Exercise materials START

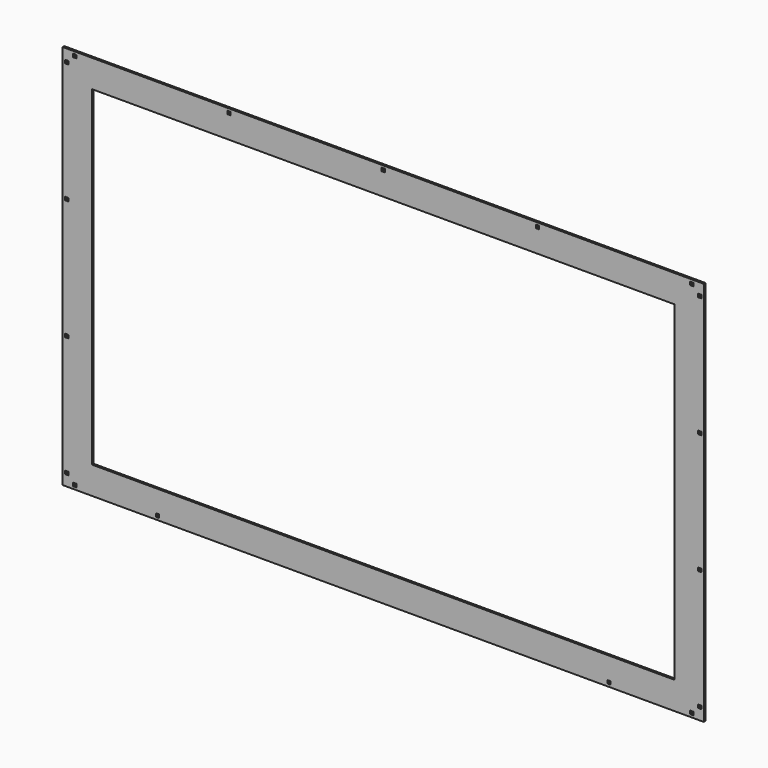
from build123d import *

# Parameters (mm, degrees)
F0_W     = 1016
F0_H     = 611.1875
F0_W_2   = 5.08
F0_H_2   = 5.08
F0_W_3   = 990.6
F0_H_3   = 585.7875
F0_R     = 5.969
F0_W_4   = 951.992
F0_H_4   = 552.45
F0_W_5   = 923.392
F0_H_5   = 523.85
F1_DEPTH = 1.5875


# Not quite as in the source:
# - a feature names something its author has since deleted; it is built from what else it names


with BuildPart() as f1:
    # F0 (on Front) → F1 (new body, symmetric)
    with BuildSketch(Plane.XZ):
        Rectangle(F0_W, F0_H)
        with Locations((-488.95, -299.24375)):
            Rectangle(F0_W_2, F0_H_2, mode=Mode.SUBTRACT)
        Polygon((-504.19, -284.00375), (-501.65, -284.00375), (-499.11, -284.00375), (-499.11, -289.08375), (-504.19, -289.08375), align=None, mode=Mode.SUBTRACT)
        with Locations((-357.84, -299.24375)):
            Rectangle(F0_W_2, F0_H_2, mode=Mode.SUBTRACT)
        Polygon((-504.19, -92.9745833333), (-501.65, -92.9745833333), (-499.11, -92.9745833333), (-499.11, -98.0545833333), (-501.65, -98.0545833333), (-504.19, -98.0545833333), align=None, mode=Mode.SUBTRACT)
        with Locations((357.84, -299.24375)):
            Rectangle(F0_W_2, F0_H_2, mode=Mode.SUBTRACT)
        with Locations((488.95, -299.24375)):
            Rectangle(F0_W_2, F0_H_2, mode=Mode.SUBTRACT)
        with Locations((501.65, -286.54375)):
            Rectangle(F0_W_2, F0_H_2, mode=Mode.SUBTRACT)
        Rectangle(F0_W_3, F0_H_3, mode=Mode.SUBTRACT)
        with Locations((501.65, -95.5145833333)):
            Rectangle(F0_W_2, F0_H_2, mode=Mode.SUBTRACT)
        Polygon((-504.19, 98.0545833333), (-501.65, 98.0545833333), (-499.11, 98.0545833333), (-499.11, 92.9745833333), (-501.65, 92.9745833333), (-504.19, 92.9745833333), align=None, mode=Mode.SUBTRACT)
        Polygon((-501.65, 284.00375), (-504.19, 284.00375), (-504.19, 289.08375), (-499.11, 289.08375), (-499.11, 284.00375), align=None, mode=Mode.SUBTRACT)
        with Locations((-488.95, 299.24375)):
            Circle(F0_R, mode=Mode.SUBTRACT)
        with Locations((-244.475, 299.24375)):
            Rectangle(F0_W_2, F0_H_2, mode=Mode.SUBTRACT)
        with Locations((501.65, 95.5145833333)):
            Rectangle(F0_W_2, F0_H_2, mode=Mode.SUBTRACT)
        with Locations((0, 299.24375)):
            Rectangle(F0_W_2, F0_H_2, mode=Mode.SUBTRACT)
        with Locations((244.475, 299.24375)):
            Rectangle(F0_W_2, F0_H_2, mode=Mode.SUBTRACT)
        with Locations((501.65, 286.54375)):
            Rectangle(F0_W_2, F0_H_2, mode=Mode.SUBTRACT)
        with Locations((488.95, 299.24375)):
            Rectangle(F0_W_2, F0_H_2, mode=Mode.SUBTRACT)
        Rectangle(F0_W_3, F0_H_3)
        Rectangle(F0_W_4, F0_H_4, mode=Mode.SUBTRACT)
        Rectangle(F0_W_4, F0_H_4)
        Rectangle(F0_W_5, F0_H_5, mode=Mode.SUBTRACT)
        with Locations((-488.95, 299.24375)):
            Circle(F0_R)
        with Locations((-488.95, 299.24375)):
            Rectangle(F0_W_2, F0_H_2, mode=Mode.SUBTRACT)
    extrude(amount=F1_DEPTH, both=True)


solid = f1.part

Exercise materials END

**Work task:** Skip every picture and transcribe the data above exactly.

**Task response:**
from build123d import *

# Parameters (mm, degrees)
F0_W     = 1016
F0_H     = 611.1875
F0_W_2   = 5.08
F0_H_2   = 5.08
F0_W_3   = 990.6
F0_H_3   = 585.7875
F0_R     = 5.969
F0_W_4   = 951.992
F0_H_4   = 552.45
F0_W_5   = 923.392
F0_H_5   = 523.85
F1_DEPTH = 1.5875


# Not quite as in the source:
# - a feature names something its author has since deleted; it is built from what else it names


with BuildPart() as f1:
    # F0 (on Front) → F1 (new body, symmetric)
    with BuildSketch(Plane.XZ):
        Rectangle(F0_W, F0_H)
        with Locations((-488.95, -299.24375)):
            Rectangle(F0_W_2, F0_H_2, mode=Mode.SUBTRACT)
        Polygon((-504.19, -284.00375), (-501.65, -284.00375), (-499.11, -284.00375), (-499.11, -289.08375), (-504.19, -289.08375), align=None, mode=Mode.SUBTRACT)
        with Locations((-357.84, -299.24375)):
            Rectangle(F0_W_2, F0_H_2, mode=Mode.SUBTRACT)
        Polygon((-504.19, -92.9745833333), (-501.65, -92.9745833333), (-499.11, -92.9745833333), (-499.11, -98.0545833333), (-501.65, -98.0545833333), (-504.19, -98.0545833333), align=None, mode=Mode.SUBTRACT)
        with Locations((357.84, -299.24375)):
            Rectangle(F0_W_2, F0_H_2, mode=Mode.SUBTRACT)
        with Locations((488.95, -299.24375)):
            Rectangle(F0_W_2, F0_H_2, mode=Mode.SUBTRACT)
        with Locations((501.65, -286.54375)):
            Rectangle(F0_W_2, F0_H_2, mode=Mode.SUBTRACT)
        Rectangle(F0_W_3, F0_H_3, mode=Mode.SUBTRACT)
        with Locations((501.65, -95.5145833333)):
            Rectangle(F0_W_2, F0_H_2, mode=Mode.SUBTRACT)
        Polygon((-504.19, 98.0545833333), (-501.65, 98.0545833333), (-499.11, 98.0545833333), (-499.11, 92.9745833333), (-501.65, 92.9745833333), (-504.19, 92.9745833333), align=None, mode=Mode.SUBTRACT)
        Polygon((-501.65, 284.00375), (-504.19, 284.00375), (-504.19, 289.08375), (-499.11, 289.08375), (-499.11, 284.00375), align=None, mode=Mode.SUBTRACT)
        with Locations((-488.95, 299.24375)):
            Circle(F0_R, mode=Mode.SUBTRACT)
        with Locations((-244.475, 299.24375)):
            Rectangle(F0_W_2, F0_H_2, mode=Mode.SUBTRACT)
        with Locations((501.65, 95.5145833333)):
            Rectangle(F0_W_2, F0_H_2, mode=Mode.SUBTRACT)
        with Locations((0, 299.24375)):
            Rectangle(F0_W_2, F0_H_2, mode=Mode.SUBTRACT)
        with Locations((244.475, 299.24375)):
            Rectangle(F0_W_2, F0_H_2, mode=Mode.SUBTRACT)
        with Locations((501.65, 286.54375)):
            Rectangle(F0_W_2, F0_H_2, mode=Mode.SUBTRACT)
        with Locations((488.95, 299.24375)):
            Rectangle(F0_W_2, F0_H_2, mode=Mode.SUBTRACT)
        Rectangle(F0_W_3, F0_H_3)
        Rectangle(F0_W_4, F0_H_4, mode=Mode.SUBTRACT)
        Rectangle(F0_W_4, F0_H_4)
        Rectangle(F0_W_5, F0_H_5, mode=Mode.SUBTRACT)
        with Locations((-488.95, 299.24375)):
            Circle(F0_R)
        with Locations((-488.95, 299.24375)):
            Rectangle(F0_W_2, F0_H_2, mode=Mode.SUBTRACT)
    extrude(amount=F1_DEPTH, both=True)


solid = f1.part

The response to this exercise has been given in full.